Phenotypic spectrum of polycystic ovary syndrome: clinical and biochemical characterization of the three major clinical subgroups.

OBJECTIVE: We tested the hypothesis that the three clinical phenotypes of polycystic ovary syndrome (PCOS) represent forms of the same metabolic disorder.

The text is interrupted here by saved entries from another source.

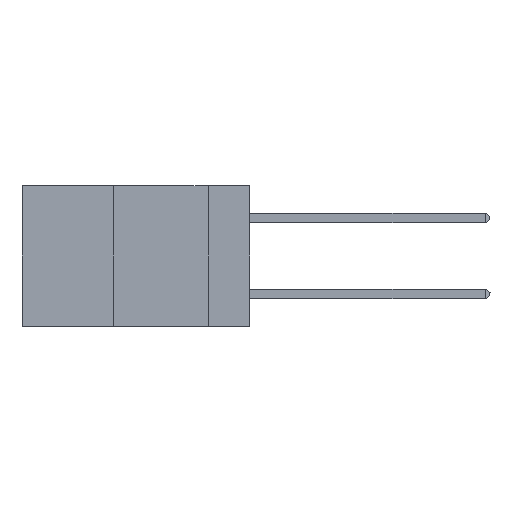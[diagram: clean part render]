
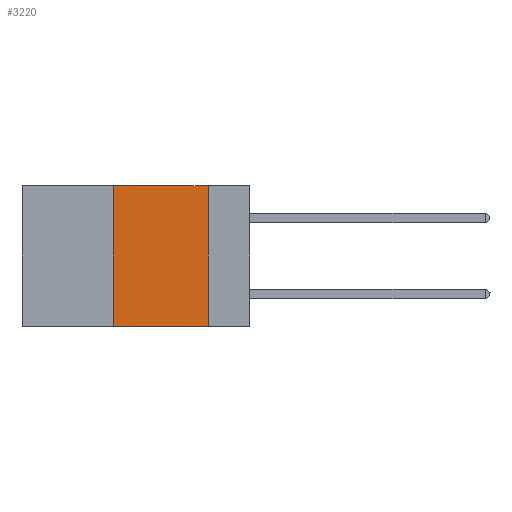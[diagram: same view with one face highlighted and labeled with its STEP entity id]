
A CAD part, left-side view. The second image highlights one B-rep face of the part: STEP entity #3220.
In plain terms, the highlighted planar face has unit normal (-1, 0, 0).
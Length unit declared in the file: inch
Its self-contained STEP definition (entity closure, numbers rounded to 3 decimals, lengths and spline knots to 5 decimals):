
#38 = EDGE_LOOP ( 'NONE', ( #15953, #9348, #4965, #4670 ) ) ;
#2097 = AXIS2_PLACEMENT_3D ( 'NONE', #12615, #17079, #3628 ) ;
#2133 = PLANE ( 'NONE',  #2097 ) ;
#3220 = ADVANCED_FACE ( 'NONE', ( #9467 ), #2133, .F. ) ;
#3440 = DIRECTION ( 'NONE',  ( 0., 0., 1. ) ) ;
#3628 = DIRECTION ( 'NONE',  ( 0., 0., -1. ) ) ;
#3807 = LINE ( 'NONE', #11353, #7760 ) ;
#4078 = EDGE_CURVE ( 'NONE', #8355, #6543, #3807, .T. ) ;
#4470 = CARTESIAN_POINT ( 'NONE',  ( 0., 0.11, 0. ) ) ;
#4491 = VECTOR ( 'NONE', #18265, 39.37008 ) ;
#4670 = ORIENTED_EDGE ( 'NONE', *, *, #10483, .T. ) ;
#4951 = LINE ( 'NONE', #5019, #4491 ) ;
#4965 = ORIENTED_EDGE ( 'NONE', *, *, #16270, .F. ) ;
#4982 = VECTOR ( 'NONE', #3440, 39.37008 ) ;
#5019 = CARTESIAN_POINT ( 'NONE',  ( 0., 0.6, 0. ) ) ;
#5764 = CARTESIAN_POINT ( 'NONE',  ( 0., 0.36, -0.37 ) ) ;
#6097 = DIRECTION ( 'NONE',  ( 0., -1., 0. ) ) ;
#6383 = LINE ( 'NONE', #16820, #4982 ) ;
#6541 = VECTOR ( 'NONE', #6097, 39.37008 ) ;
#6543 = VERTEX_POINT ( 'NONE', #8491 ) ;
#7000 = LINE ( 'NONE', #14986, #6541 ) ;
#7760 = VECTOR ( 'NONE', #14601, 39.37008 ) ;
#8325 = VERTEX_POINT ( 'NONE', #11764 ) ;
#8355 = VERTEX_POINT ( 'NONE', #4470 ) ;
#8491 = CARTESIAN_POINT ( 'NONE',  ( 0., 0.11, -0.37 ) ) ;
#9348 = ORIENTED_EDGE ( 'NONE', *, *, #9468, .F. ) ;
#9467 = FACE_OUTER_BOUND ( 'NONE', #38, .T. ) ;
#9468 = EDGE_CURVE ( 'NONE', #8325, #8355, #4951, .T. ) ;
#10483 = EDGE_CURVE ( 'NONE', #12223, #6543, #7000, .T. ) ;
#11353 = CARTESIAN_POINT ( 'NONE',  ( 0., 0.11, 0. ) ) ;
#11764 = CARTESIAN_POINT ( 'NONE',  ( 0., 0.36, 0. ) ) ;
#12223 = VERTEX_POINT ( 'NONE', #5764 ) ;
#12615 = CARTESIAN_POINT ( 'NONE',  ( 0., 0.6, 0. ) ) ;
#14601 = DIRECTION ( 'NONE',  ( 0., 0., -1. ) ) ;
#14986 = CARTESIAN_POINT ( 'NONE',  ( 0., 0.6, -0.37 ) ) ;
#15953 = ORIENTED_EDGE ( 'NONE', *, *, #4078, .F. ) ;
#16270 = EDGE_CURVE ( 'NONE', #12223, #8325, #6383, .T. ) ;
#16820 = CARTESIAN_POINT ( 'NONE',  ( 0., 0.36, 0. ) ) ;
#17079 = DIRECTION ( 'NONE',  ( 1., 0., 0. ) ) ;
#18265 = DIRECTION ( 'NONE',  ( 0., -1., 0. ) ) ;

DESIGN: Prospective cohort analysis.
SETTING: University-based tertiary care. PATIENT(S): Three-hundred sixteen untreated consecutive women diagnosed as having PCOS. INTERVENTION(S): None. MAIN OUTCOME MEASURE(S): Each subject underwent an evaluation of ovulatory function, body habitus, acne, and hirsutism; serum free and total testosterone (T), 17-hydroxyprogesterone (17-HP), and DHEAS; and fasting plasma glucose and insulin levels. Insulin resistance and beta-cell function were assessed using the homeostatic assessment model equation (HOMA-IR and HOMA-beta-cell, respectively). RESULT(S): The Oligo+HA+Hirsutism phenotype was present in 48% of subjects, Oligo+HA in 29%, and Oligo+Hirsutism in 23%. The three phenotypes did not differ in mean body mass index, waist-to-hip ratio, racial composition, degree of oligo-ovulation, prevalence of acne, or family history of hyperandrogenic symptomatology. However, subjects demonstrating the Oligo+HA+Hirsutism phenotype were the youngest and had the greatest degrees of hyperandrogenemia, hyperinsulinemia, and beta-cell function; patients with the Oligo+Hirsutism phenotype where the oldest and had the mildest degrees of hyperandrogenemia, hyperinsulinemia, and beta-cell function. Subjects with the Oligo+HA phenotype demonstrated intermediate degrees of hyperandrogenemia and metabolic dysfunction. CONCLUSION(S): We conclude that the three clinical phenotypes of PCOS do not represent forms of the same metabolic disorder and may be the result of varying degrees of metabolic dysfunction; greater degrees of beta-cell function and circulating insulin levels favored the development of hirsutism and frank hyperandrogenemia.